• _GOAL OF THE EXERCISE_
Where a line below holds the string "circle", that line goes into the answer.

• _Saved data entries_
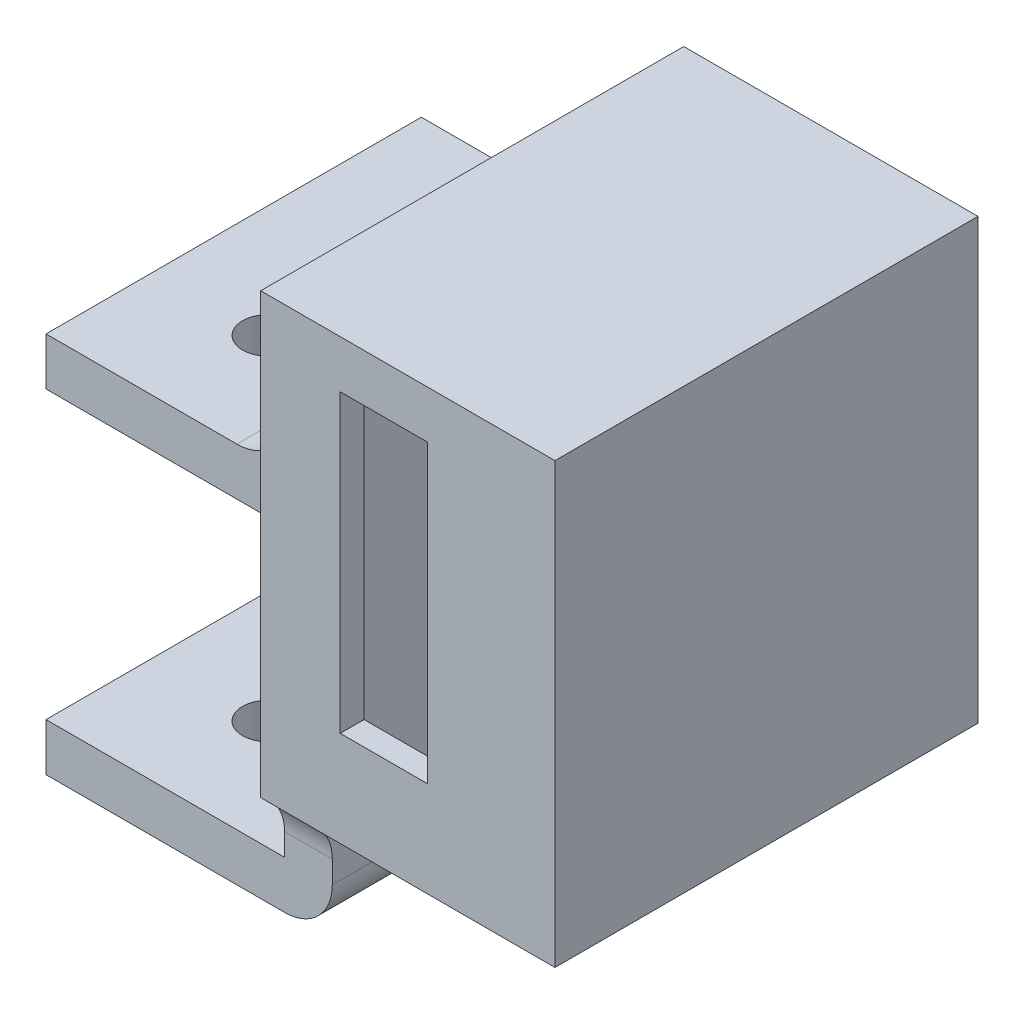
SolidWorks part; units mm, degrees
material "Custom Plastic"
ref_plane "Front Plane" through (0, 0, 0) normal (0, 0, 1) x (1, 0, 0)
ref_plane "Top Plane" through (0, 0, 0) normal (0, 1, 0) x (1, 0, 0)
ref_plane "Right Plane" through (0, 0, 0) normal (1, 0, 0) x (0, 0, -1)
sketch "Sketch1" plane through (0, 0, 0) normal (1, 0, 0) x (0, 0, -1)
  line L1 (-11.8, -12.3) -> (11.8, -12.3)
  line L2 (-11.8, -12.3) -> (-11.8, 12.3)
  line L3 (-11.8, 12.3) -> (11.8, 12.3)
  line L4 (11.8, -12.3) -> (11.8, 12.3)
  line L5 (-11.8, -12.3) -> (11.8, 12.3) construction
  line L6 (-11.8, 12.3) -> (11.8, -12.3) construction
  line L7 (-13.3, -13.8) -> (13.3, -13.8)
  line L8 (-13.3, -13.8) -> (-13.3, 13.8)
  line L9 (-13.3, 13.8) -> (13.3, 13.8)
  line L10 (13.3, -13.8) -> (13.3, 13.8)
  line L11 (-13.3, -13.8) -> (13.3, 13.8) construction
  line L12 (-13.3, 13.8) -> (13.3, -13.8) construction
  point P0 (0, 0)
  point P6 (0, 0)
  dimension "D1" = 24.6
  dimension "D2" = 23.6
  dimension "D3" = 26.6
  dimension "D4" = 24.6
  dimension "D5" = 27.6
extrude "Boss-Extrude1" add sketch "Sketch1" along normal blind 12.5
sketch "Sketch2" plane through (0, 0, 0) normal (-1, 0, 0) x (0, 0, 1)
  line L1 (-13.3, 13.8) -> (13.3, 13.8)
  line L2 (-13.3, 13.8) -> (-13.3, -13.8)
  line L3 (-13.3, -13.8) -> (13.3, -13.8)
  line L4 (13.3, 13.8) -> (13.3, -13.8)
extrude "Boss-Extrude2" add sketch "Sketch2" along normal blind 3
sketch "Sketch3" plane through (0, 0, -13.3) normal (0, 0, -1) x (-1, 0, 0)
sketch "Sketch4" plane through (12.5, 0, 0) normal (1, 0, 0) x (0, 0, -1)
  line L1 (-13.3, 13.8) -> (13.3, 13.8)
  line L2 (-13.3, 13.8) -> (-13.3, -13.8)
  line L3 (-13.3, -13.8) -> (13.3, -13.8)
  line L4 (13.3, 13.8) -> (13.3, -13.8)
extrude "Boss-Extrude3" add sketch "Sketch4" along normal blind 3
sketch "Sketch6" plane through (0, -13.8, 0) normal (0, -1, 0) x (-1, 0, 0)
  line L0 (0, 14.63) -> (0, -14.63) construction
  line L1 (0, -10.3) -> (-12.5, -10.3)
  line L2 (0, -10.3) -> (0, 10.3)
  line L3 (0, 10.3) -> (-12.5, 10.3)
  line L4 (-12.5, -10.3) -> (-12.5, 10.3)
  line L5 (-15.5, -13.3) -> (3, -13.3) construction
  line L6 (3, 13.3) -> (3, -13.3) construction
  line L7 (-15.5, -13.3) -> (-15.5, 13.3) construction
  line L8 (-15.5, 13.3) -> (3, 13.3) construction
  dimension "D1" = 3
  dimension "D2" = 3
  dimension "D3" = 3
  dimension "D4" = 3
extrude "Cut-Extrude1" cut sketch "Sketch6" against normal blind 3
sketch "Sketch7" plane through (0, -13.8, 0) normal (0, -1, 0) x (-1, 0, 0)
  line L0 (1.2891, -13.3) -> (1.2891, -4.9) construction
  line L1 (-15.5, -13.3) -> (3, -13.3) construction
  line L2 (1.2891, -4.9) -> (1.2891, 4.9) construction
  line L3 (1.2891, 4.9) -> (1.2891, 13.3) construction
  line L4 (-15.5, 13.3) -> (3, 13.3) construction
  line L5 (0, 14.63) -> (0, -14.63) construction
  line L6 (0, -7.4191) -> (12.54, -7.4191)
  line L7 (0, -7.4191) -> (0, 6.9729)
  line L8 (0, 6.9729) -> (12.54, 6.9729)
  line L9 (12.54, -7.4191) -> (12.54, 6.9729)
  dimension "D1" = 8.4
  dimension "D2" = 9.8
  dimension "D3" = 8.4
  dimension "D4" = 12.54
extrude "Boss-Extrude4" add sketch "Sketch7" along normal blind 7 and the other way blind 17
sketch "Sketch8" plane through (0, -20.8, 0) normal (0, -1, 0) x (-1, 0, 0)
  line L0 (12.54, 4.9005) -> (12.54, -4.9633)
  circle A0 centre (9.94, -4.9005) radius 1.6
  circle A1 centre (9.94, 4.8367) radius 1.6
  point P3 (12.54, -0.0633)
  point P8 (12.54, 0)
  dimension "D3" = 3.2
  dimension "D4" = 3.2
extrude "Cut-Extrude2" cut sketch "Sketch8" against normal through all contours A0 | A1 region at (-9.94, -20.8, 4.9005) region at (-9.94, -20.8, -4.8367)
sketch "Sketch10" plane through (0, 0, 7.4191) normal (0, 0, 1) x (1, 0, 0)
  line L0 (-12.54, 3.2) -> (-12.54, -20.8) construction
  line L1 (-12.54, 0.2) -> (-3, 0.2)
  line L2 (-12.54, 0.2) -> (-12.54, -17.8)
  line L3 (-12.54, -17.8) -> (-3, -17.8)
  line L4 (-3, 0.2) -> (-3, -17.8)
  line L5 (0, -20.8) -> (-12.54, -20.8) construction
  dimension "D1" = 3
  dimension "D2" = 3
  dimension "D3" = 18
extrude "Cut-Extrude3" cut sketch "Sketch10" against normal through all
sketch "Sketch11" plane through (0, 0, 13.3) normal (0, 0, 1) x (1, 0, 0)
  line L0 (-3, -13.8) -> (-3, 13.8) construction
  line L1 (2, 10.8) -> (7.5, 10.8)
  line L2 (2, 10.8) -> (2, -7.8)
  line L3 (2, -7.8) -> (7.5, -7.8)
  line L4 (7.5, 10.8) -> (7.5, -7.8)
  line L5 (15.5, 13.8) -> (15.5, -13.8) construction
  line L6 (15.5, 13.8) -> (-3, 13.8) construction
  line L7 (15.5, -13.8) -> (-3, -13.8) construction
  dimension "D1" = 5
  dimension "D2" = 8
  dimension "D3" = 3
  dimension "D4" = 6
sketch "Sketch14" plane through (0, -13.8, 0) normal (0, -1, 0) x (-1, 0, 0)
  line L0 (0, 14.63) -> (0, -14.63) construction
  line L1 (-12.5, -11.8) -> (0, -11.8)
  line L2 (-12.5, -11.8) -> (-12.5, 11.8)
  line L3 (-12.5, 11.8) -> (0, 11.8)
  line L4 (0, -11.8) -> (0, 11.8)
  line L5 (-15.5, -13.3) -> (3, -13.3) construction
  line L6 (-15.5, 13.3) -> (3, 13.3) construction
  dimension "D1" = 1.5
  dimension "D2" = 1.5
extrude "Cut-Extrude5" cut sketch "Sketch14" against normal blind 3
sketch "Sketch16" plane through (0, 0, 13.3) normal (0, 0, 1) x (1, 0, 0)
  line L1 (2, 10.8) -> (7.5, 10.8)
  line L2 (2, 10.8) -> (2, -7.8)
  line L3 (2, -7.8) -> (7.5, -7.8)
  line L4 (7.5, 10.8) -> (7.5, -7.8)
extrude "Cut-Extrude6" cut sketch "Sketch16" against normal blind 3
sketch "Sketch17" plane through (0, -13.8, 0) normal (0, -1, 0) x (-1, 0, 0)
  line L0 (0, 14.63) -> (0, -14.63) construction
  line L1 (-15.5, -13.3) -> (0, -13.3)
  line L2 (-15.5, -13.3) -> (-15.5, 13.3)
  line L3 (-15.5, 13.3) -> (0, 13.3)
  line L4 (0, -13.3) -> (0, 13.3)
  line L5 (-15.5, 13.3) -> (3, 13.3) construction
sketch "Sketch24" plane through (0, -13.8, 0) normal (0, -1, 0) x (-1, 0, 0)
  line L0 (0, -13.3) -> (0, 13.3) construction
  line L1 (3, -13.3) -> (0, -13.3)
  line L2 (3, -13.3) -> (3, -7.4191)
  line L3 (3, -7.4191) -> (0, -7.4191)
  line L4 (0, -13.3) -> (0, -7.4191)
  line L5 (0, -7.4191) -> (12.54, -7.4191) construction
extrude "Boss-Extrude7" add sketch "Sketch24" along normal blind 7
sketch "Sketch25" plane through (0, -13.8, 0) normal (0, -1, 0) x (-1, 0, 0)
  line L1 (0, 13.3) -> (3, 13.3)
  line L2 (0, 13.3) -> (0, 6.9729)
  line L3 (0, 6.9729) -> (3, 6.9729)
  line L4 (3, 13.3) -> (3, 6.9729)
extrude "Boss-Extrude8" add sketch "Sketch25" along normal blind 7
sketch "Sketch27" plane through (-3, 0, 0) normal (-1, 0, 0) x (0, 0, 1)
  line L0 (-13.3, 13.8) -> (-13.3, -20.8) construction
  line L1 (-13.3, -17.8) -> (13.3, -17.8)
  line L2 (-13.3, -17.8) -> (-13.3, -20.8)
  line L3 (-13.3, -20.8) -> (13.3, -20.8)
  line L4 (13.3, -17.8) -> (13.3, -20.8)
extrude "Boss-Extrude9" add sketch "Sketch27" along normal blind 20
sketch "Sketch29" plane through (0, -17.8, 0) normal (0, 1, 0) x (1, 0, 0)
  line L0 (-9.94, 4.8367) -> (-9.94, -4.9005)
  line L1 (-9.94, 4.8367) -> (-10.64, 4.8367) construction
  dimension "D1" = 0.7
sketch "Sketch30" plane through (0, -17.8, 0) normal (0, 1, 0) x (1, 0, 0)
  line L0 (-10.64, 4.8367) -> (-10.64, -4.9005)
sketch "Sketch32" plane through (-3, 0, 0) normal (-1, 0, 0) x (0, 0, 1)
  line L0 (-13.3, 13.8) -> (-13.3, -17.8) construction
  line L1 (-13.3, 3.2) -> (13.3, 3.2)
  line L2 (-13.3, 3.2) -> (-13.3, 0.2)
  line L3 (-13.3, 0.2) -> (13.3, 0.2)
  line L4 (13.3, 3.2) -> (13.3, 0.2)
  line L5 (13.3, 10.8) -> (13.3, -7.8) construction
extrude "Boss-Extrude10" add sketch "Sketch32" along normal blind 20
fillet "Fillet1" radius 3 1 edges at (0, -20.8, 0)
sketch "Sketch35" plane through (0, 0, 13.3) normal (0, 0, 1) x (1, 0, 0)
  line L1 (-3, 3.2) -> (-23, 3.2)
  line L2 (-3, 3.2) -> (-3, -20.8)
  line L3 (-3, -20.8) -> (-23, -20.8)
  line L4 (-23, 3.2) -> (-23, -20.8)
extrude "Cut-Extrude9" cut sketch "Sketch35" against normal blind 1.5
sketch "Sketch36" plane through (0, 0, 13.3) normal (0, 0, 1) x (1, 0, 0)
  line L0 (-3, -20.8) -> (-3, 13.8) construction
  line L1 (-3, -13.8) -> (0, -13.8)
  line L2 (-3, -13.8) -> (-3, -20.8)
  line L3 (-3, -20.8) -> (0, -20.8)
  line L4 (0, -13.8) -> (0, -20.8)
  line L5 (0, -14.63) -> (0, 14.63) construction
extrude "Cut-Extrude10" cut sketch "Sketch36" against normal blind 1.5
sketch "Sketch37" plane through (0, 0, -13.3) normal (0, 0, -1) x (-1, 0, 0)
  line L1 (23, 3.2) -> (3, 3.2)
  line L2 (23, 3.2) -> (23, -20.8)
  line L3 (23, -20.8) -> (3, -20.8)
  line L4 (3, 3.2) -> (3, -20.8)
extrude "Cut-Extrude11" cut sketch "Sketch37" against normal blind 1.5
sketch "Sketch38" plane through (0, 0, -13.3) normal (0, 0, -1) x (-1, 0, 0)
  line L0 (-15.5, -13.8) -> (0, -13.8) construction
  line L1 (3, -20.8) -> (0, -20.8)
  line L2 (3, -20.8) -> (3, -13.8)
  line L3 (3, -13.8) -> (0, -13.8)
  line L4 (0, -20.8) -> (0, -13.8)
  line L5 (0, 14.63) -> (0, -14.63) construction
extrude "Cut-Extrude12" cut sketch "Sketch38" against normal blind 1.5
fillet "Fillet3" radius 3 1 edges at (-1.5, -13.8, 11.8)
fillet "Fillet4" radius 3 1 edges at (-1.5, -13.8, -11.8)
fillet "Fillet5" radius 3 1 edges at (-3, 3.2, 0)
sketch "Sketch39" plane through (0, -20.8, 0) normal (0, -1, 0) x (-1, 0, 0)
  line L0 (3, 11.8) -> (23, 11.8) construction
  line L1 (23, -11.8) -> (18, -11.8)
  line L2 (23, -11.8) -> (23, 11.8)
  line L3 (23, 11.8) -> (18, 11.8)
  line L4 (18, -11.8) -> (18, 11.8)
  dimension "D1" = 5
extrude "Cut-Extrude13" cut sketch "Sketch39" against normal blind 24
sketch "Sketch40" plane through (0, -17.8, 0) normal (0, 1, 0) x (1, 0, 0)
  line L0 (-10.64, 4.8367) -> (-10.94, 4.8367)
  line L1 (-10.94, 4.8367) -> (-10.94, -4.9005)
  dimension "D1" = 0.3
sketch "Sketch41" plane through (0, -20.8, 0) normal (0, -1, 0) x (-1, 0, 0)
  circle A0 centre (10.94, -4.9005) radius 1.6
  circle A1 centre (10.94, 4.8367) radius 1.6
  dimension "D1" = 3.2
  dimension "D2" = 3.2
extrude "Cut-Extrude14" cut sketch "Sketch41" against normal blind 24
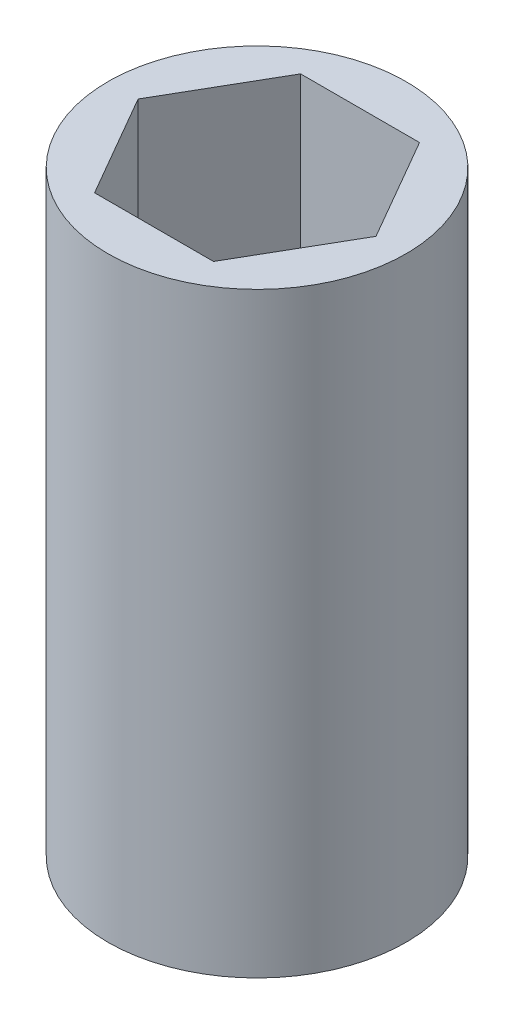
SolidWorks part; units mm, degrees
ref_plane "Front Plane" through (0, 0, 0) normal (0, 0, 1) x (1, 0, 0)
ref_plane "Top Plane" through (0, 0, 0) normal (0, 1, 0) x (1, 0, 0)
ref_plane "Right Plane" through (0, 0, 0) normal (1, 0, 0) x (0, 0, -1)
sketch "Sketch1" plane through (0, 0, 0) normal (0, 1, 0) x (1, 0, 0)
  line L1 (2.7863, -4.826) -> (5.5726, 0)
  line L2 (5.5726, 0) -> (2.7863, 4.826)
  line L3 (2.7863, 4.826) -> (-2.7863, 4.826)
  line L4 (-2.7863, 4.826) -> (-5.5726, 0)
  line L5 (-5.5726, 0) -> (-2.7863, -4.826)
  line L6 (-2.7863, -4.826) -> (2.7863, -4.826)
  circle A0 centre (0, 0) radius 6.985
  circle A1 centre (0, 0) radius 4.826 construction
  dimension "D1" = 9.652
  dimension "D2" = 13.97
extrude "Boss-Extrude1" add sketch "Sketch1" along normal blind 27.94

• _ANSWER AREA_
  circle A0 centre (9.94, -4.9005) radius 1.6
  circle A1 centre (9.94, 4.8367) radius 1.6
  circle A0 centre (10.94, -4.9005) radius 1.6
  circle A1 centre (10.94, 4.8367) radius 1.6
  circle A0 centre (0, 0) radius 6.985
  circle A1 centre (0, 0) radius 4.826 construction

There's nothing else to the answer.